I’m diabetic, and the further I got into my pregnancy the more complications I had. My daughter was born 6 weeks early, just 3 lb 13 oz. I was so terrified that I couldn’t take care of my children like my mother took care of me. I’d lost all hope and confidence in myself, in anyone. My little family was anything but stable. I was constantly in and out of the hospital for my diabetes, bouncing around still from house to house. Finally, I landed with a friend and was just starting to feel settled when — three days before Thanksgiving — a house fire caused us to lose everything. Clothes, toys — everything, including my job. Even my car had broken down. I thought losing my mom had been the lowest point, but I was wrong: This was my darkest moment. I couldn’t buy Christmas presents for my baby, couldn’t buy clothes, couldn’t buy food. I just felt so terrible. I started to question God and my being the world. If it wasn’t for my children I would have gave up! But I couldn’t. I had to take care of my babies. 

So, even while I was wondering, “What did I do? What did I do to deserve this? How did I go wrong to end up here?,” I started looking for shelters. Every place has a waiting list. Every place is full. But I filled out the application for Lydia’s House, and within three days, I was here on the porch, moving in. I was afraid to step foot in this house. But once I walked through the front door there a calming sense that came over me. This is where I needed to be. 

I was really broken — by grief, by depression, by circumstance — when I came into this house. I was just shattered when I came in, and Meridith and everyone were the glue to my puzzle. They were like, “OK, we have to glue this part, let’s get you to school.
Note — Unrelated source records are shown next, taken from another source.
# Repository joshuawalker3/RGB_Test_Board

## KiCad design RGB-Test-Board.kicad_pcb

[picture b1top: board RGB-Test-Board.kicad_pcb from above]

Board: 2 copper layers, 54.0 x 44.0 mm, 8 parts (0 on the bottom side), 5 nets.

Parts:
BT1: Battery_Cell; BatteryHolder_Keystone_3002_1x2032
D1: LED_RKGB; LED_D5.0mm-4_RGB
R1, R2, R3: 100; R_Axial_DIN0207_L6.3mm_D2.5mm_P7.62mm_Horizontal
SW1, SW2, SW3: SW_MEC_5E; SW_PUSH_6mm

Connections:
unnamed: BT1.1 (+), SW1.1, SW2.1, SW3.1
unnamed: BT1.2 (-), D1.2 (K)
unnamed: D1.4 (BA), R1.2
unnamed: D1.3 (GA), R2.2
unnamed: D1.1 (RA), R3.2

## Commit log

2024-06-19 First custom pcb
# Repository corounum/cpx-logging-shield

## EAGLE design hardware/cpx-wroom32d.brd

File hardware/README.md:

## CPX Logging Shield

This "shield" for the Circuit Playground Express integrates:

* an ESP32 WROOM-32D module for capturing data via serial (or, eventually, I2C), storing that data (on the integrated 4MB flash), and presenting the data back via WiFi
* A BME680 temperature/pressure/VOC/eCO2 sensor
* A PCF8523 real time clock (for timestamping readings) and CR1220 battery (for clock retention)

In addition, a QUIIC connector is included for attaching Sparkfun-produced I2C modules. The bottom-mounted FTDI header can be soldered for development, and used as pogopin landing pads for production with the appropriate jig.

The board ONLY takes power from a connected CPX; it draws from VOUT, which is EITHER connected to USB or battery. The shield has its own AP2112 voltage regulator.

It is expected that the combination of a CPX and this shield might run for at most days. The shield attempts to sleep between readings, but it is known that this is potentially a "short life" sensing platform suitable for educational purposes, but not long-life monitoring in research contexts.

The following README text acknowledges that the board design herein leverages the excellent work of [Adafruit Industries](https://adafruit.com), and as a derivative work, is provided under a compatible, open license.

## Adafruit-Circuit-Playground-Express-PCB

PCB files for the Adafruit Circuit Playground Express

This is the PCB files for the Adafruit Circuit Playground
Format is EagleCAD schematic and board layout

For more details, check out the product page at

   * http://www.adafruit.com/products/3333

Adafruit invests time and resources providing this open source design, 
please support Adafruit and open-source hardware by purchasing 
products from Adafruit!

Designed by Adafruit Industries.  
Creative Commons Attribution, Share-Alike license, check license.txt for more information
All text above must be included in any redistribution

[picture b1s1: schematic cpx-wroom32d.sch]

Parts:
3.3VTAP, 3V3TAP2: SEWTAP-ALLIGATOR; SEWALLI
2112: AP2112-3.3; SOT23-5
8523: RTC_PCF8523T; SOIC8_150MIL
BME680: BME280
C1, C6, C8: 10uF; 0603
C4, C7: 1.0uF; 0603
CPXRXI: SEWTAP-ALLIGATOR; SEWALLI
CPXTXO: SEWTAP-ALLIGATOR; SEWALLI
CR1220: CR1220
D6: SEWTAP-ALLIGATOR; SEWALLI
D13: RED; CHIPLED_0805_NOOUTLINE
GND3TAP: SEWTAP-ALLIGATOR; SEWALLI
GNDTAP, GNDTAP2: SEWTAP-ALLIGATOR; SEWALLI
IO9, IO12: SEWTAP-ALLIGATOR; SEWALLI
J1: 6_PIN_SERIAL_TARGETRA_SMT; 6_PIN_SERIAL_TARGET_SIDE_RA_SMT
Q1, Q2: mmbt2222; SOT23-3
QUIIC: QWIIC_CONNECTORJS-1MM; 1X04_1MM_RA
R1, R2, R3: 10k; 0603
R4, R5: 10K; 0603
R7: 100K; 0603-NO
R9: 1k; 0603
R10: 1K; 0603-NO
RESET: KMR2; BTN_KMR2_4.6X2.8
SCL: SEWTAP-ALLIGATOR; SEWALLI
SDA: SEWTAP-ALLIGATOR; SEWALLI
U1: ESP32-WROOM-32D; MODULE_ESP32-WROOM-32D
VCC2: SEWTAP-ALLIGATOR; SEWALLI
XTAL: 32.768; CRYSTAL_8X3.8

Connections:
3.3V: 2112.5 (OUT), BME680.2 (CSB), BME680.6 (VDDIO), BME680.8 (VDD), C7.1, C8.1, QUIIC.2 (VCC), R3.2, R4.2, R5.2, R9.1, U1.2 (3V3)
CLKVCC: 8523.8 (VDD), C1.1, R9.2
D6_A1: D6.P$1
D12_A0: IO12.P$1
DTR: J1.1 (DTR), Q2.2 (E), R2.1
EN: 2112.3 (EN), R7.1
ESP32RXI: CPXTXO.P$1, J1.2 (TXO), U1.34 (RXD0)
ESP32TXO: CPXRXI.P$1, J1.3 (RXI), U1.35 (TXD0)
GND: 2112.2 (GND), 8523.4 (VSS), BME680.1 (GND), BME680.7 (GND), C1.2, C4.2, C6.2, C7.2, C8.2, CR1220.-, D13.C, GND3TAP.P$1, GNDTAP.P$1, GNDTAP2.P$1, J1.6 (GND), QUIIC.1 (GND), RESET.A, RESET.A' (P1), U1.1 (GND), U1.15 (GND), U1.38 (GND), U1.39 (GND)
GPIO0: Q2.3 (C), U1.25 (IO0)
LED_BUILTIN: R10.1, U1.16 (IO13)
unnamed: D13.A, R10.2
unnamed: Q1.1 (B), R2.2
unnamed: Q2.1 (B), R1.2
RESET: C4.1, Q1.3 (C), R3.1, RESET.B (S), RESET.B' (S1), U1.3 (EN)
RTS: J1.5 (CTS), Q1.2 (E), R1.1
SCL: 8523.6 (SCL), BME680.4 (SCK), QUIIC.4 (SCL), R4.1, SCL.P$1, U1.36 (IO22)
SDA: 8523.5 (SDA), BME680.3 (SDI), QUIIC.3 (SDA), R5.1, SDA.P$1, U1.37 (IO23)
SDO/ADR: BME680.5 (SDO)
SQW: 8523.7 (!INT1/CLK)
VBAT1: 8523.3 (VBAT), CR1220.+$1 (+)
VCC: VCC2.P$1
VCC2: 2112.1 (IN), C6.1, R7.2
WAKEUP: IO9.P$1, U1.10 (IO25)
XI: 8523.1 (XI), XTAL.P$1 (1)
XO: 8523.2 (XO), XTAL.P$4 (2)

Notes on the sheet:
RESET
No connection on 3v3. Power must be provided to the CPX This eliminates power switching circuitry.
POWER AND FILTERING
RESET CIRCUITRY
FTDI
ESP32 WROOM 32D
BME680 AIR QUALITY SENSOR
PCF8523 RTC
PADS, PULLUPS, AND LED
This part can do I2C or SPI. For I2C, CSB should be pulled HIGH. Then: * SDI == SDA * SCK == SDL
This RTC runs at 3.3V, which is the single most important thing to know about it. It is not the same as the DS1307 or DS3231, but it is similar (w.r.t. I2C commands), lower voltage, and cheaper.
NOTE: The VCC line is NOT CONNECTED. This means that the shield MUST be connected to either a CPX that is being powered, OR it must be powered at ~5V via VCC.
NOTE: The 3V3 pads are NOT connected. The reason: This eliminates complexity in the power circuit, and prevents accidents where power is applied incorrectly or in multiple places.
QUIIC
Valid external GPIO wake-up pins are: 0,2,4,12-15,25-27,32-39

OK, now we’re helping you with your mental health. Hey, we’re helping you with your physical health, and now we have the kids, and boom!” They helped me gain my sense as a woman and a mother. After being broken, they put me back together. 

Within a week, I was enrolled in a culinary work-study program at CityLink. They helped me find childcare for my babies, helped me get my physical health under control, helped me improve my mental health. I had been feeling like the world was against me since my mom died, but here, everything seemed to go smoothly. In my three months at Lydia’s House, they helped me get my family back together. They helped get a sense of how I wanted to raise my children, and how I needed to help them. It was hard balancing out me and my kids, and Lydia’s House helped me get an even, healthy balance on that. They helped me how to make myself and my babies feel safe and secure. Meridith helped me find a home for my little family — we moved in August 1st. My kids are enrolled in a school not even ten minutes away from our house, and I graduate from my culinary program in September. My dad, a chef in the Army, is so proud of me, so excited. For the first time, I think he really sees me.  

If I were talking to someone coming to Lydia’s House today, someone like me, who was feeling lost and afraid, I would tell her: It’s OK to feel those things. You have to accept the fact that your world is breaking down, but know that coming to Lydia’s House is a way to build it back up. Use your resources. They will help you. Think about what you need. Don’t think about now. Think about the future, because Lydia’s House will get you to that future.